We can provide resume = True to the launch() method to resume training the model from existing checkpoints and existing experiment state.

Shutting down the ray cluster using ray.shutdown() after use.

ray.shutdown()

Visualizing results w.r.t experiments#

Since the experiment stores TensorBoard events files for each trial, we can perform a short visualization with TensorBoard. More detailed analysis will be explored in the later tutorials.

Install tensorboard and load using %load_ext tensorboard if using a notebook.
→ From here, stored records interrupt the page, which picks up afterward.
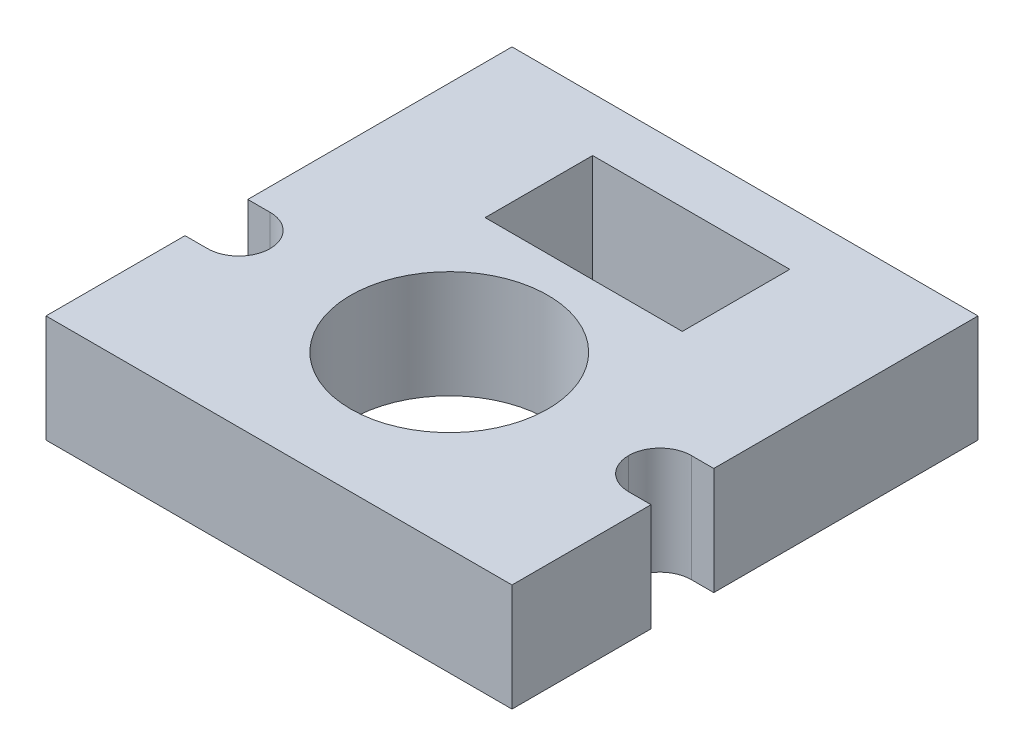
SolidWorks part; units mm, degrees
material "Acrílico (médio-alto impacto)"
ref_plane "Front" through (0, 0, 0) normal (0, 0, 1) x (1, 0, 0)
ref_plane "Top" through (0, 0, 0) normal (0, 1, 0) x (1, 0, 0)
ref_plane "Right" through (0, 0, 0) normal (1, 0, 0) x (0, 0, -1)
sketch "Esboço1" plane through (0, 0, 0) normal (0, 1, 0) x (1, 0, 0)
  line L0 (0, 13) -> (0, -3.5) construction
  line L1 (13, -13) -> (-13, -13)
  line L2 (13, -13) -> (13, 13)
  line L3 (13, 13) -> (-13, 13)
  line L4 (-13, -13) -> (-13, 13)
  line L5 (13, -13) -> (-13, 13) construction
  line L6 (13, 13) -> (-13, -13) construction
  line L7 (0, 13) -> (0, 10) construction
  line L8 (0, 10) -> (0, 4) construction
  line L9 (0, 10) -> (-5.5, 10)
  line L10 (0, 10) -> (5.5, 10)
  line L11 (-5.5, 10) -> (-5.5, 4)
  line L12 (-5.5, 4) -> (5.5, 4)
  line L13 (5.5, 4) -> (5.5, 10)
  line L14 (-13, -13) -> (-13, -3.5) construction
  line L15 (13, -13) -> (13, -3.4923) construction
  line L16 (13, -1.7423) -> (13, -5.2423)
  line L17 (13, -5.2423) -> (10, -5.2423)
  line L18 (10, -5.2423) -> (10, -1.7423)
  line L19 (10, -1.7423) -> (13, -1.7423)
  line L20 (13, -1.7423) -> (13, -5.2423)
  line L21 (-10, -1.7423) -> (-10, -5.2423)
  line L22 (-10, -5.2423) -> (-13, -5.2423)
  line L23 (-13, -5.2423) -> (-13, -1.7423)
  line L24 (-13, -1.7423) -> (-10, -1.7423)
  circle A0 centre (0, -3.5) radius 5.5
  point P0 (0, 0)
  point P20 (13, -3.4923)
  dimension "D4" = 3
  dimension "D1" = 26
  dimension "D2" = 26
  dimension "D3" = 16.5
  dimension "D5" = 6
  dimension "D6" = 5.5
  dimension "D7" = 5.5
  dimension "D8" = 3.5
  dimension "D9" = 2
extrude "Ressalto-extrusão1" add sketch "Esboço1" along normal blind 6 contours L21 L1 L3 A0 L13 L12 L11 L9 L10 region at (0, 0, 12.6323)
fillet "Filete1" radius 1.75 4 edges at (10, 3, 1.7423) (10, 3, 5.2423) (-10, 3, 1.7423) (-10, 3, 5.2423)
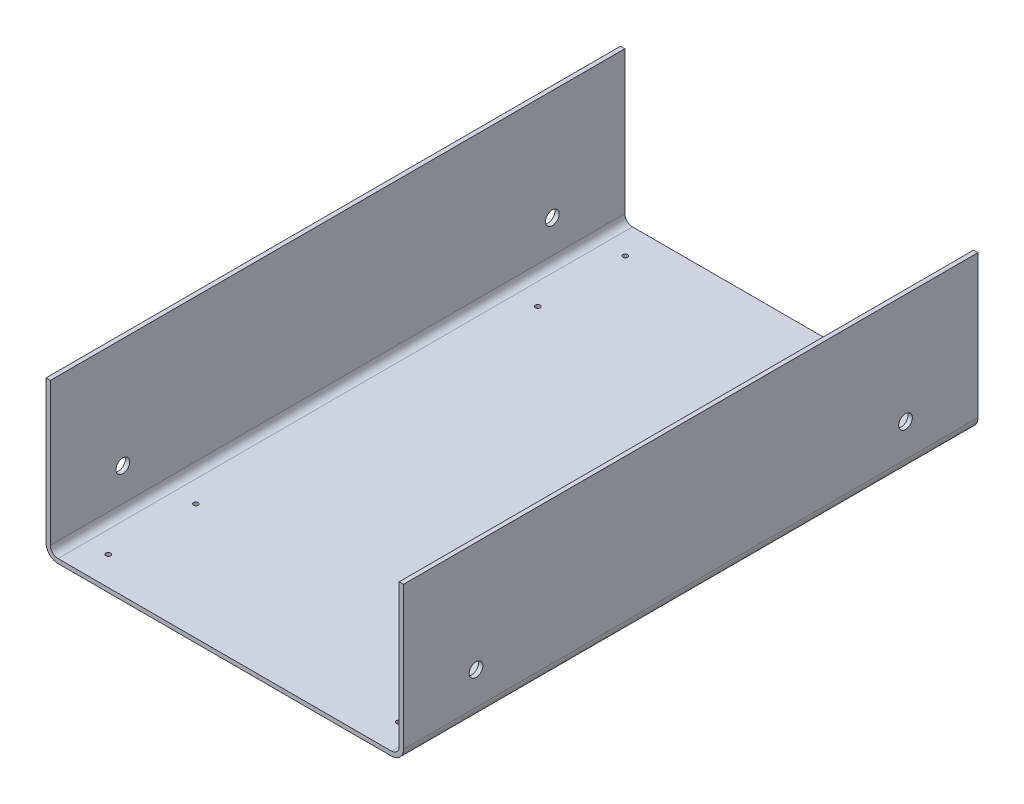
SolidWorks part; units mm, degrees
material "5052-H32"
ref_plane "Front Plane" through (0, 0, 0) normal (0, 0, 1) x (1, 0, 0)
ref_plane "Top Plane" through (0, 0, 0) normal (0, 1, 0) x (1, 0, 0)
ref_plane "Right Plane" through (0, 0, 0) normal (1, 0, 0) x (0, 0, -1)
sketch "Sketch1" plane through (0, 0, 0) normal (0, 0, 1) x (1, 0, 0)
  line L8 (127.5, 110) -> (127.5, 0)
  line L9 (-127.5, 0) -> (127.5, 0)
  line L10 (-127.5, 0) -> (-127.5, 110)
  line L11 (130.68, 110) -> (130.68, -3.18)
  line L12 (-130.68, -3.18) -> (130.68, -3.18)
  line L13 (-130.68, -3.18) -> (-130.68, 110)
  line L14 (127.5, 110) -> (130.68, 110)
  line L15 (-127.5, 110) -> (-130.68, 110)
  point P5 (0, 0)
  dimension "D1" = 255
  dimension "D2" = 110
  dimension "D3" = 3.18
extrude "Boss-Extrude1" add sketch "Sketch1" along normal blind 420
fillet "Inside Fillet" radius 5.56 2 edges at (127.5, 0, 210) (-127.5, 0, 210)
fillet "Outside Fillet" radius 8.73 2 edges at (-130.68, -3.18, 210) (130.68, -3.18, 210)
sketch "Sketch2" plane through (130.68, 0, 0) normal (1, 0, 0) x (0, 0, -1)
  line L0 (-420, 5.55) -> (-420, 110) construction
  line L2 (0, 5.55) -> (0, 110) construction
  line L4 (-367, 29.5) -> (-367, 0) construction
  line L7 (-53, 29.5) -> (-53, 0) construction
  circle A0 centre (-367, 29.5) radius 5
  circle A1 centre (-53, 29.5) radius 5
  dimension "D3" = 10
  dimension "D4" = 10
  dimension "D1" = 53
  dimension "D2" = 29.5
  dimension "D5" = 53
  dimension "D6" = 29.5
extrude "Bearing Holes" cut sketch "Sketch2" against normal up to surface (261.36 mm away) up to face at (-130.68, 57.775, 210)
sketch "Sketch3" plane through (0, 0, 0) normal (0, 1, 0) x (1, 0, 0)
  line L0 (-106.15, -335) -> (-106.15, -399) construction
  line L1 (121.94, -420) -> (-121.94, -420) construction
  line L2 (-127.5, -420) -> (-127.5, 0) construction
  line L3 (-130.68, -210) -> (130.68, -210) construction
  line L4 (-130.68, -420) -> (-130.68, 0) construction
  line L5 (130.68, -420) -> (130.68, 0) construction
  line L6 (0, -420) -> (0, -210) construction
  line L7 (-106.15, -85) -> (-106.15, -21) construction
  line L8 (121.94, 0) -> (-121.94, 0) construction
  line L9 (106.15, -335) -> (106.15, -399) construction
  line L10 (106.15, -85) -> (106.15, -21) construction
  circle A0 centre (-106.15, -335) radius 1.7526
  circle A1 centre (-106.15, -399) radius 1.7526
  circle A6 centre (106.15, -399) radius 1.7526
  circle A7 centre (106.15, -335) radius 1.7526
  circle A8 centre (-106.15, -85) radius 1.7526
  circle A9 centre (-106.15, -21) radius 1.7526
  circle A10 centre (106.15, -21) radius 1.7526
  circle A11 centre (106.15, -85) radius 1.7526
  point P4 (-106.15, -367)
  point P23 (-106.15, -53)
  dimension "D4" = 3.5052
  dimension "D5" = 3.5052
  dimension "D6" = 3.5052
  dimension "D7" = 3.5052
  dimension "D1" = 64
  dimension "D2" = 53
  dimension "D3" = 21.35
  dimension "D8" = 64
  dimension "D9" = 21.35
  dimension "D10" = 53
extrude "Motor Mount Holes" cut sketch "Sketch3" against normal up to next
equation "\"W\"= 255mm"
equation "\"L\"= 420mm"
equation "\"Offset\"= 16mm"
equation "\"H\"= 110mm"
equation "\"T\"= 4.7625 * 2 / 3mm"
equation "\"Inside Fillet Radius\"= 5.55625mm"
equation "\"Hole\"=25mm"
equation "\"D1@Boss-Extrude1\"=\"L\""
equation "\"Compartment Width1\"= 90mm"
equation "\"Compartment Width2\"= 90mm"
equation "\"D1@Sketch1\"=\"W\""
equation "\"D2@Sketch1\"=\"H\""
equation "\"D3@Sketch1\"=\"T\""
equation "\"D1@Inside Fillet\"=\"Inside Fillet Radius\""
equation "\"D1@Outside Fillet\"=\"Inside Fillet Radius\"+\"T\""
equation "\"D2@Sketch3\"=53"
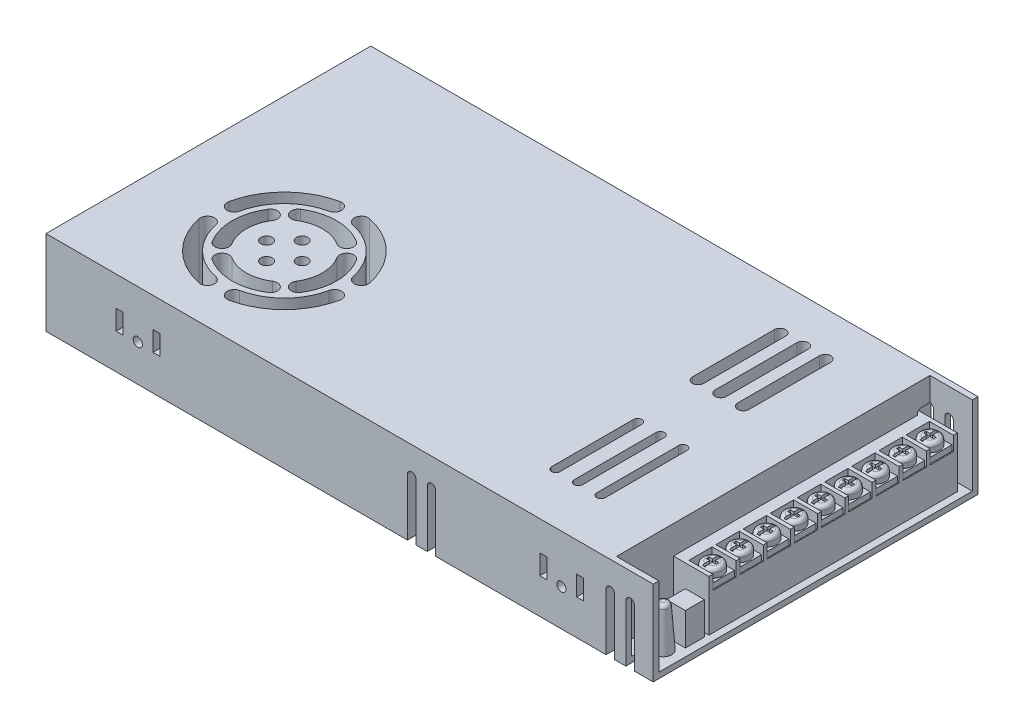
SolidWorks part; units mm, degrees
material "aluminio"
ref_plane "Alzado" through (0, 0, 0) normal (0, 0, 1) x (1, 0, 0)
ref_plane "Planta" through (0, 0, 0) normal (0, 1, 0) x (1, 0, 0)
ref_plane "Vista lateral" through (0, 0, 0) normal (1, 0, 0) x (0, 0, -1)
sketch "Croquis1" plane through (0, 0, 0) normal (0, 1, 0) x (1, 0, 0)
  line L1 (0, 0) -> (215, 0)
  line L2 (0, 0) -> (0, 115)
  line L3 (0, 115) -> (215, 115)
  line L4 (215, 0) -> (215, 115)
  dimension "D1" = 215
  dimension "D2" = 115
extrude "Saliente-Extruir1" add sketch "Croquis1" along normal blind 30
sketch "Croquis2" plane through (0, 30, 0) normal (0, 1, 0) x (1, 0, 0)
  line L0 (215, 0) -> (215, 115) construction
  line L1 (215, 113) -> (200, 113)
  line L2 (215, 113) -> (215, 2)
  line L3 (215, 2) -> (200, 2)
  line L4 (200, 113) -> (200, 2)
  line L5 (215, 115) -> (0, 115) construction
  line L6 (0, 115) -> (0, 0) construction
  line L7 (0, 0) -> (215, 0) construction
  dimension "D1" = 2
  dimension "D2" = 2
  dimension "D3" = 200
extrude "Cortar-Extruir1" cut sketch "Croquis2" against normal offset from surface (28 mm away) 2 up to face at (107.5, 0, -57.5)
sketch "Croquis7" plane through (0, 30, 0) normal (0, 1, 0) x (1, 0, 0)
  line L0 (176.4, 99.5) -> (176.4, 70.5) construction
  line L1 (178.4, 99.5) -> (178.4, 70.5)
  line L2 (174.4, 99.5) -> (174.4, 70.5)
  line L3 (200, 113) -> (200, 2) construction
  line L4 (178.5, 47) -> (178.5, 18) construction
  line L5 (180, 47) -> (180, 18)
  line L6 (177, 47) -> (177, 18)
  line L7 (0, 0) -> (215, 0) construction
  line L8 (215, 115) -> (0, 115) construction
  line L9 (168.4, 99.5) -> (168.4, 70.5) construction
  line L10 (170.4, 99.5) -> (170.4, 70.5)
  line L11 (166.4, 99.5) -> (166.4, 70.5)
  line L12 (170.5, 47) -> (170.5, 18) construction
  line L13 (172, 47) -> (172, 18)
  line L14 (169, 47) -> (169, 18)
  line L15 (160.4, 99.5) -> (160.4, 70.5) construction
  line L16 (162.4, 99.5) -> (162.4, 70.5)
  line L17 (158.4, 99.5) -> (158.4, 70.5)
  line L18 (162.5, 47) -> (162.5, 18) construction
  line L19 (164, 47) -> (164, 18)
  line L20 (161, 47) -> (161, 18)
  line L156 (154.5, 47) -> (154.5, 18) construction
  line L157 (156, 47) -> (156, 18)
  line L158 (153, 47) -> (153, 18)
  line L159 (144.4, 99.5) -> (144.4, 70.5) construction
  line L160 (146.4, 99.5) -> (146.4, 70.5)
  line L161 (142.4, 99.5) -> (142.4, 70.5)
  line L162 (146.5, 47) -> (146.5, 18) construction
  line L163 (148, 47) -> (148, 18)
  line L164 (145, 47) -> (145, 18)
  line L165 (152.4, 99.5) -> (152.4, 70.5) construction
  line L166 (154.4, 99.5) -> (154.4, 70.5)
  line L167 (150.4, 99.5) -> (150.4, 70.5)
  line L168 (154.5, 47) -> (154.5, 18) construction
  line L169 (156, 47) -> (156, 18)
  line L170 (153, 47) -> (153, 18)
  line L171 (144.4, 99.5) -> (144.4, 70.5) construction
  line L172 (146.4, 99.5) -> (146.4, 70.5)
  line L173 (142.4, 99.5) -> (142.4, 70.5)
  line L174 (146.5, 47) -> (146.5, 18) construction
  line L175 (148, 47) -> (148, 18)
  line L176 (145, 47) -> (145, 18)
  line L177 (152.4, 99.5) -> (152.4, 70.5) construction
  line L178 (154.4, 99.5) -> (154.4, 70.5)
  line L179 (150.4, 99.5) -> (150.4, 70.5)
  arc A0 (178.4, 99.5) -> (174.4, 99.5) centre (176.4, 99.5) ccw
  arc A1 (174.4, 70.5) -> (178.4, 70.5) centre (176.4, 70.5) ccw
  arc A2 (180, 47) -> (177, 47) centre (178.5, 47) ccw
  arc A3 (177, 18) -> (180, 18) centre (178.5, 18) ccw
  arc A4 (170.4, 99.5) -> (166.4, 99.5) centre (168.4, 99.5) ccw
  arc A5 (166.4, 70.5) -> (170.4, 70.5) centre (168.4, 70.5) ccw
  arc A6 (172, 47) -> (169, 47) centre (170.5, 47) ccw
  arc A7 (169, 18) -> (172, 18) centre (170.5, 18) ccw
  arc A8 (162.4, 99.5) -> (158.4, 99.5) centre (160.4, 99.5) ccw
  arc A9 (158.4, 70.5) -> (162.4, 70.5) centre (160.4, 70.5) ccw
  arc A10 (164, 47) -> (161, 47) centre (162.5, 47) ccw
  arc A11 (161, 18) -> (164, 18) centre (162.5, 18) ccw
  arc A110 (156, 47) -> (153, 47) centre (154.5, 47) ccw
  arc A111 (153, 18) -> (156, 18) centre (154.5, 18) ccw
  arc A112 (146.4, 99.5) -> (142.4, 99.5) centre (144.4, 99.5) ccw
  arc A113 (142.4, 70.5) -> (146.4, 70.5) centre (144.4, 70.5) ccw
  arc A114 (148, 47) -> (145, 47) centre (146.5, 47) ccw
  arc A115 (145, 18) -> (148, 18) centre (146.5, 18) ccw
  arc A116 (154.4, 99.5) -> (150.4, 99.5) centre (152.4, 99.5) ccw
  arc A117 (150.4, 70.5) -> (154.4, 70.5) centre (152.4, 70.5) ccw
  point P2 (176.4, 85)
  point P11 (178.5, 32.5)
  point P16 (178.5, 16.5)
  point P17 (176.4, 101.5)
  point P25 (168.4, 85)
  point P32 (170.5, 32.5)
  point P39 (160.4, 85)
  point P46 (162.5, 32.5)
  point P53 (154.5412, 34.5)
  point P60 (147.5412, 79.6)
  point P67 (147.5412, 34.5)
  point P80 (154.5412, 79.6)
  point P87 (154.5412, 34.5)
  point P94 (147.5412, 79.6)
  point P101 (147.5412, 34.5)
  point P108 (154.5412, 79.6)
  point P115 (154.5412, 34.5)
  point P122 (147.5412, 79.6)
  point P129 (147.5412, 34.5)
  point P136 (154.5412, 79.6)
  point P143 (154.5412, 34.5)
  point P150 (147.5412, 79.6)
  point P157 (147.5412, 34.5)
  point P164 (154.5412, 79.6)
  point P171 (157.5, 34.5)
  point P178 (150.5, 79.6)
  point P185 (150.5, 34.5)
  point P192 (157.5, 79.6)
  point P199 (157.5, 34.5)
  point P206 (150.5, 79.6)
  point P213 (150.5, 34.5)
  point P220 (157.5, 79.6)
  point P227 (157.5, 34.5)
  point P234 (150.5, 79.6)
  point P241 (150.5, 34.5)
  point P248 (157.5, 79.6)
  point P255 (157.5, 34.5)
  point P262 (150.5, 79.6)
  point P269 (150.5, 34.5)
  point P276 (157.5, 79.6)
  point P283 (157.5, 34.5)
  point P290 (150.5, 79.6)
  point P297 (150.5, 34.5)
  point P304 (157.5, 79.6)
  point P311 (157.5, 34.5)
  point P318 (150.5, 79.6)
  point P325 (150.5, 34.5)
  point P332 (157.5, 79.6)
  point P339 (154.5, 32.5)
  point P346 (144.4, 85)
  point P353 (146.5, 32.5)
  point P360 (152.4, 85)
  point P367 (154.5, 32.5)
  point P374 (144.4, 85)
  point P381 (146.5, 32.5)
  point P388 (152.4, 85)
  point P395 (154.5, 32.5)
  point P402 (144.4, 85)
  point P409 (146.5, 32.5)
  point P416 (152.4, 85)
  dimension "D1" = 21.6
  dimension "D2" = 16.5
  dimension "D5" = 20
  dimension "D6" = 1.5
  dimension "D3" = 13.5
  dimension "D4" = 20
  dimension "D8" = 4
  dimension "D9" = 33
  dimension "D7" = 5
sketch "Croquis5" plane through (0, 0, -115) normal (0, 0, -1) x (-1, 0, 0)
  line L0 (0, 30) -> (0, 0) construction
  line L2 (-215, 30) -> (-215, 0) construction
  line L3 (-215, 30) -> (0, 30) construction
  circle A0 centre (-182.5, 13) radius 1.625
  circle A1 centre (-32.5, 13) radius 1.625
  dimension "D1" = 3.25
  dimension "D2" = 3.25
  dimension "D4" = 17
  dimension "D5" = 17
  dimension "D3" = 32.5
  dimension "D6" = 32.5
extrude "Cortar-Extruir3" cut sketch "Croquis5" against normal through all
cosmetic thread "Rosca cosmética1" parameters "D2"=4
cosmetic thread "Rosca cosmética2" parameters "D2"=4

  • Run the command %tensorboard --logdir /tmp/experiments/[experiment_dir_name] --port [port]

%load_ext tensorboard
%tensorboard --logdir /tmp/experiments/experiment_5ade_3be2 --port 6008

TensorBoard-Output

Conclusion#

Finally, after completing all the trials, the metrics obtained from each trial will be stored in the “experiment_dir”. This directory will contain subdirectories representing each trial, as well as SQLite databases for Optuna and the experiment’s state.

Each trial will have the following components: best_checkpoints, checkpoints, results, training log, configurations, and metadata.

In the later tutorial, we will learn how to analyze the results from the trained trials.